(Records excerpted from a collection)
====

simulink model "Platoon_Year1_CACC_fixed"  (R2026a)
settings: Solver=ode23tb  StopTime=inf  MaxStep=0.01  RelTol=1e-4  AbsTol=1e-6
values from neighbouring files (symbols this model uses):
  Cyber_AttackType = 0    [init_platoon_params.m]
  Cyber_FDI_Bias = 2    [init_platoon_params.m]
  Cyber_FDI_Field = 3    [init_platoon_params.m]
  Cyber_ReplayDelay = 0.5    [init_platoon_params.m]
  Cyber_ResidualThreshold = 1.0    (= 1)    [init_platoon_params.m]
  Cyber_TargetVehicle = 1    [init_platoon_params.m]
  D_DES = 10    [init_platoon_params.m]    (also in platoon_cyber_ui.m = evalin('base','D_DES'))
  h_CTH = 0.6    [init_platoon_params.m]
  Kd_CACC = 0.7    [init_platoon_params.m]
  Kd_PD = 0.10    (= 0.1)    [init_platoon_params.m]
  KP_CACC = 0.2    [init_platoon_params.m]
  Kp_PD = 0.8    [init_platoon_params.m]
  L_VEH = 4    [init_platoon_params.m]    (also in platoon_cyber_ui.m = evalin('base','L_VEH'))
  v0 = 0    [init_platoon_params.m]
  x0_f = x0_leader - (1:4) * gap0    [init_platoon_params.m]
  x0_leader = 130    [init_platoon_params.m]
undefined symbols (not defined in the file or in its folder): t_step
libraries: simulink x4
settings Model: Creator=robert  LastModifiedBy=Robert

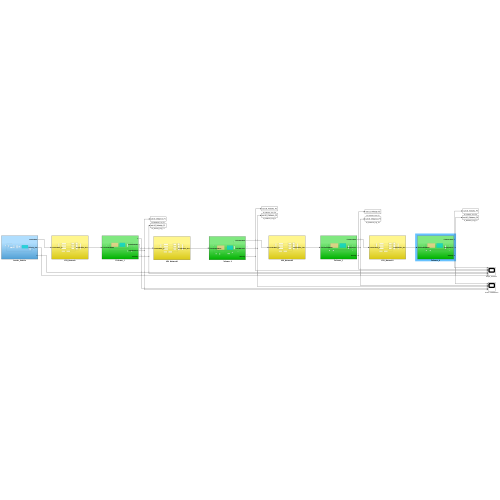
[thumbnail: Simulink's stored preview of the top-level diagram]
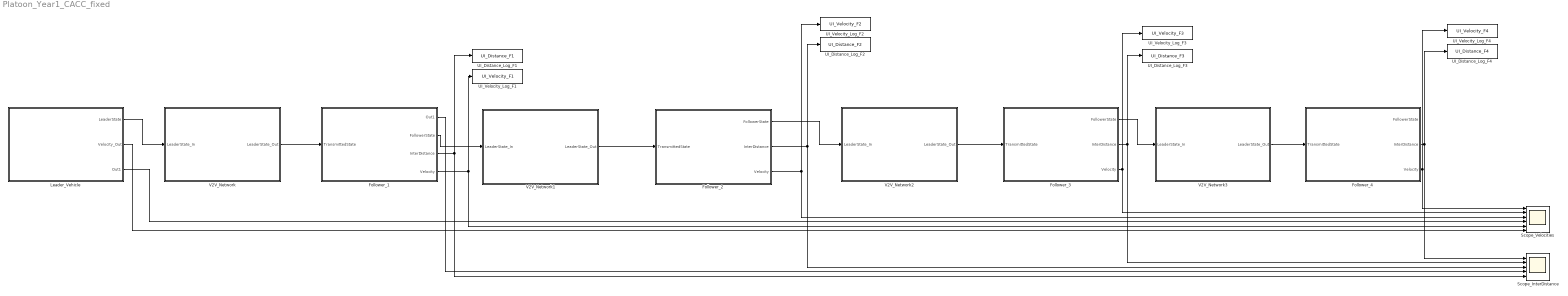
== system Platoon_Year1_CACC_fixed ==
  Follower_1 : Subsystem
  Follower_2 : Subsystem
  Follower_3 : Subsystem
  Follower_4 : Subsystem
  Leader_Vehicle : Subsystem
  Scope_InterDistance : Scope  NumInputPorts=5
      settings: ActiveDisplayYMinimum=-70.886144233669683  ActiveDisplayYMaximum=99.147830095673541
  Scope_Velocities : Scope  NumInputPorts=6
      settings: ActiveDisplayYMinimum=-4.6500669764690308  ActiveDisplayYMaximum=39.524777851018328
  UI_Distance_Log_F1 : ToWorkspace  VariableName=UI_Distance_F1  SaveFormat=Timeseries  SampleTime=-1
  UI_Distance_Log_F2 : ToWorkspace  VariableName=UI_Distance_F2  SaveFormat=Timeseries  SampleTime=-1
  UI_Distance_Log_F3 : ToWorkspace  VariableName=UI_Distance_F3  SaveFormat=Timeseries  SampleTime=-1
  UI_Distance_Log_F4 : ToWorkspace  VariableName=UI_Distance_F4  SaveFormat=Timeseries  SampleTime=-1
  UI_Velocity_Log_F1 : ToWorkspace  VariableName=UI_Velocity_F1  SaveFormat=Timeseries  SampleTime=-1
  UI_Velocity_Log_F2 : ToWorkspace  VariableName=UI_Velocity_F2  SaveFormat=Timeseries  SampleTime=-1
  UI_Velocity_Log_F3 : ToWorkspace  VariableName=UI_Velocity_F3  SaveFormat=Timeseries  SampleTime=-1
  UI_Velocity_Log_F4 : ToWorkspace  VariableName=UI_Velocity_F4  SaveFormat=Timeseries  SampleTime=-1
  V2V_Network : Subsystem
  V2V_Network1 : Subsystem
  V2V_Network2 : Subsystem
  V2V_Network3 : Subsystem
  wires:
  Follower_3/1(FollowerState) -> V2V_Network3/1(LeaderState_In)
  Follower_2/1(FollowerState) -> V2V_Network2/1(LeaderState_In)
  Follower_1/2(FollowerState) -> V2V_Network1/1(LeaderState_In)
  V2V_Network1/1(LeaderState_Out) -> Follower_2/1(TransmittedState)
  V2V_Network2/1(LeaderState_Out) -> Follower_3/1(TransmittedState)
  V2V_Network3/1(LeaderState_Out) -> Follower_4/1(TransmittedState)
  Leader_Vehicle/1(LeaderState) -> V2V_Network/1(LeaderState_In)
  V2V_Network/1(LeaderState_Out) -> Follower_1/1(TransmittedState)
  Leader_Vehicle/2(Velocity_Out) -> Scope_Velocities/6
  Follower_1/4(Velocity) -> Scope_Velocities/5, UI_Velocity_Log_F1/1
  Follower_2/3(Velocity) -> UI_Velocity_Log_F2/1, Scope_Velocities/3
  Follower_3/3(Velocity) -> Scope_Velocities/2, UI_Velocity_Log_F3/1
  Follower_4/3(Velocity) -> Scope_Velocities/1, UI_Velocity_Log_F4/1
  Follower_4/2(InterDistance) -> Scope_InterDistance/1, UI_Distance_Log_F4/1
  Follower_3/2(InterDistance) -> Scope_InterDistance/2, UI_Distance_Log_F3/1
  Follower_2/2(InterDistance) -> UI_Distance_Log_F2/1, Scope_InterDistance/3
  Follower_1/3(InterDistance) -> Scope_InterDistance/5, UI_Distance_Log_F1/1
  Follower_1/1(Out1) -> Scope_InterDistance/4
  Leader_Vehicle/3(Out1) -> Scope_Velocities/4

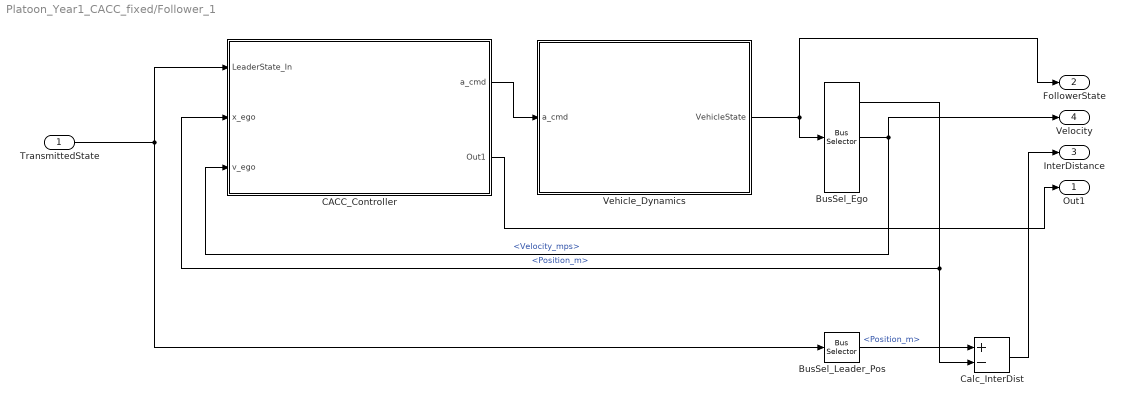
== system Platoon_Year1_CACC_fixed/Follower_1 ==
  TransmittedState : Inport
  BusSel_Ego : BusSelector  OutputSignals=Position_m,Velocity_mps,Accel_mps2
  BusSel_Leader_Pos : BusSelector  OutputSignals=Position_m
  CACC_Controller : Subsystem  TreatAsAtomicUnit=on
  Calc_InterDist : Sum  Inputs=+-
  Vehicle_Dynamics : Subsystem  TreatAsAtomicUnit=on
  Out1 : Outport
  FollowerState : Outport  Port=2
  InterDistance : Outport  Port=3
  Velocity : Outport  Port=4
  wires:
  TransmittedState/1 -> CACC_Controller/1(LeaderState_In), BusSel_Leader_Pos/1
  CACC_Controller/1(a_cmd) -> Vehicle_Dynamics/1(a_cmd)
  Vehicle_Dynamics/1(VehicleState) -> BusSel_Ego/1, FollowerState/1
  BusSel_Ego/1 -> CACC_Controller/2(x_ego), Calc_InterDist/2  "<Position_m>"
  BusSel_Ego/2 -> Velocity/1, CACC_Controller/3(v_ego)  "<Velocity_mps>"
  BusSel_Leader_Pos/1 -> Calc_InterDist/1  "<Position_m>"
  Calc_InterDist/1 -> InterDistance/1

====

** Work request **
For this exercise, return the records above in full and exactly, omitting the images.

** Result **
simulink model "Platoon_Year1_CACC_fixed"  (R2026a)
settings: Solver=ode23tb  StopTime=inf  MaxStep=0.01  RelTol=1e-4  AbsTol=1e-6
values from neighbouring files (symbols this model uses):
  Cyber_AttackType = 0    [init_platoon_params.m]
  Cyber_FDI_Bias = 2    [init_platoon_params.m]
  Cyber_FDI_Field = 3    [init_platoon_params.m]
  Cyber_ReplayDelay = 0.5    [init_platoon_params.m]
  Cyber_ResidualThreshold = 1.0    (= 1)    [init_platoon_params.m]
  Cyber_TargetVehicle = 1    [init_platoon_params.m]
  D_DES = 10    [init_platoon_params.m]    (also in platoon_cyber_ui.m = evalin('base','D_DES'))
  h_CTH = 0.6    [init_platoon_params.m]
  Kd_CACC = 0.7    [init_platoon_params.m]
  Kd_PD = 0.10    (= 0.1)    [init_platoon_params.m]
  KP_CACC = 0.2    [init_platoon_params.m]
  Kp_PD = 0.8    [init_platoon_params.m]
  L_VEH = 4    [init_platoon_params.m]    (also in platoon_cyber_ui.m = evalin('base','L_VEH'))
  v0 = 0    [init_platoon_params.m]
  x0_f = x0_leader - (1:4) * gap0    [init_platoon_params.m]
  x0_leader = 130    [init_platoon_params.m]
undefined symbols (not defined in the file or in its folder): t_step
libraries: simulink x4
settings Model: Creator=robert  LastModifiedBy=Robert

[thumbnail: Simulink's stored preview of the top-level diagram]
== system Platoon_Year1_CACC_fixed ==
  Follower_1 : Subsystem
  Follower_2 : Subsystem
  Follower_3 : Subsystem
  Follower_4 : Subsystem
  Leader_Vehicle : Subsystem
  Scope_InterDistance : Scope  NumInputPorts=5
      settings: ActiveDisplayYMinimum=-70.886144233669683  ActiveDisplayYMaximum=99.147830095673541
  Scope_Velocities : Scope  NumInputPorts=6
      settings: ActiveDisplayYMinimum=-4.6500669764690308  ActiveDisplayYMaximum=39.524777851018328
  UI_Distance_Log_F1 : ToWorkspace  VariableName=UI_Distance_F1  SaveFormat=Timeseries  SampleTime=-1
  UI_Distance_Log_F2 : ToWorkspace  VariableName=UI_Distance_F2  SaveFormat=Timeseries  SampleTime=-1
  UI_Distance_Log_F3 : ToWorkspace  VariableName=UI_Distance_F3  SaveFormat=Timeseries  SampleTime=-1
  UI_Distance_Log_F4 : ToWorkspace  VariableName=UI_Distance_F4  SaveFormat=Timeseries  SampleTime=-1
  UI_Velocity_Log_F1 : ToWorkspace  VariableName=UI_Velocity_F1  SaveFormat=Timeseries  SampleTime=-1
  UI_Velocity_Log_F2 : ToWorkspace  VariableName=UI_Velocity_F2  SaveFormat=Timeseries  SampleTime=-1
  UI_Velocity_Log_F3 : ToWorkspace  VariableName=UI_Velocity_F3  SaveFormat=Timeseries  SampleTime=-1
  UI_Velocity_Log_F4 : ToWorkspace  VariableName=UI_Velocity_F4  SaveFormat=Timeseries  SampleTime=-1
  V2V_Network : Subsystem
  V2V_Network1 : Subsystem
  V2V_Network2 : Subsystem
  V2V_Network3 : Subsystem
  wires:
  Follower_3/1(FollowerState) -> V2V_Network3/1(LeaderState_In)
  Follower_2/1(FollowerState) -> V2V_Network2/1(LeaderState_In)
  Follower_1/2(FollowerState) -> V2V_Network1/1(LeaderState_In)
  V2V_Network1/1(LeaderState_Out) -> Follower_2/1(TransmittedState)
  V2V_Network2/1(LeaderState_Out) -> Follower_3/1(TransmittedState)
  V2V_Network3/1(LeaderState_Out) -> Follower_4/1(TransmittedState)
  Leader_Vehicle/1(LeaderState) -> V2V_Network/1(LeaderState_In)
  V2V_Network/1(LeaderState_Out) -> Follower_1/1(TransmittedState)
  Leader_Vehicle/2(Velocity_Out) -> Scope_Velocities/6
  Follower_1/4(Velocity) -> Scope_Velocities/5, UI_Velocity_Log_F1/1
  Follower_2/3(Velocity) -> UI_Velocity_Log_F2/1, Scope_Velocities/3
  Follower_3/3(Velocity) -> Scope_Velocities/2, UI_Velocity_Log_F3/1
  Follower_4/3(Velocity) -> Scope_Velocities/1, UI_Velocity_Log_F4/1
  Follower_4/2(InterDistance) -> Scope_InterDistance/1, UI_Distance_Log_F4/1
  Follower_3/2(InterDistance) -> Scope_InterDistance/2, UI_Distance_Log_F3/1
  Follower_2/2(InterDistance) -> UI_Distance_Log_F2/1, Scope_InterDistance/3
  Follower_1/3(InterDistance) -> Scope_InterDistance/5, UI_Distance_Log_F1/1
  Follower_1/1(Out1) -> Scope_InterDistance/4
  Leader_Vehicle/3(Out1) -> Scope_Velocities/4

== system Platoon_Year1_CACC_fixed/Follower_1 ==
  TransmittedState : Inport
  BusSel_Ego : BusSelector  OutputSignals=Position_m,Velocity_mps,Accel_mps2
  BusSel_Leader_Pos : BusSelector  OutputSignals=Position_m
  CACC_Controller : Subsystem  TreatAsAtomicUnit=on
  Calc_InterDist : Sum  Inputs=+-
  Vehicle_Dynamics : Subsystem  TreatAsAtomicUnit=on
  Out1 : Outport
  FollowerState : Outport  Port=2
  InterDistance : Outport  Port=3
  Velocity : Outport  Port=4
  wires:
  TransmittedState/1 -> CACC_Controller/1(LeaderState_In), BusSel_Leader_Pos/1
  CACC_Controller/1(a_cmd) -> Vehicle_Dynamics/1(a_cmd)
  Vehicle_Dynamics/1(VehicleState) -> BusSel_Ego/1, FollowerState/1
  BusSel_Ego/1 -> CACC_Controller/2(x_ego), Calc_InterDist/2  "<Position_m>"
  BusSel_Ego/2 -> Velocity/1, CACC_Controller/3(v_ego)  "<Velocity_mps>"
  BusSel_Leader_Pos/1 -> Calc_InterDist/1  "<Position_m>"
  Calc_InterDist/1 -> InterDistance/1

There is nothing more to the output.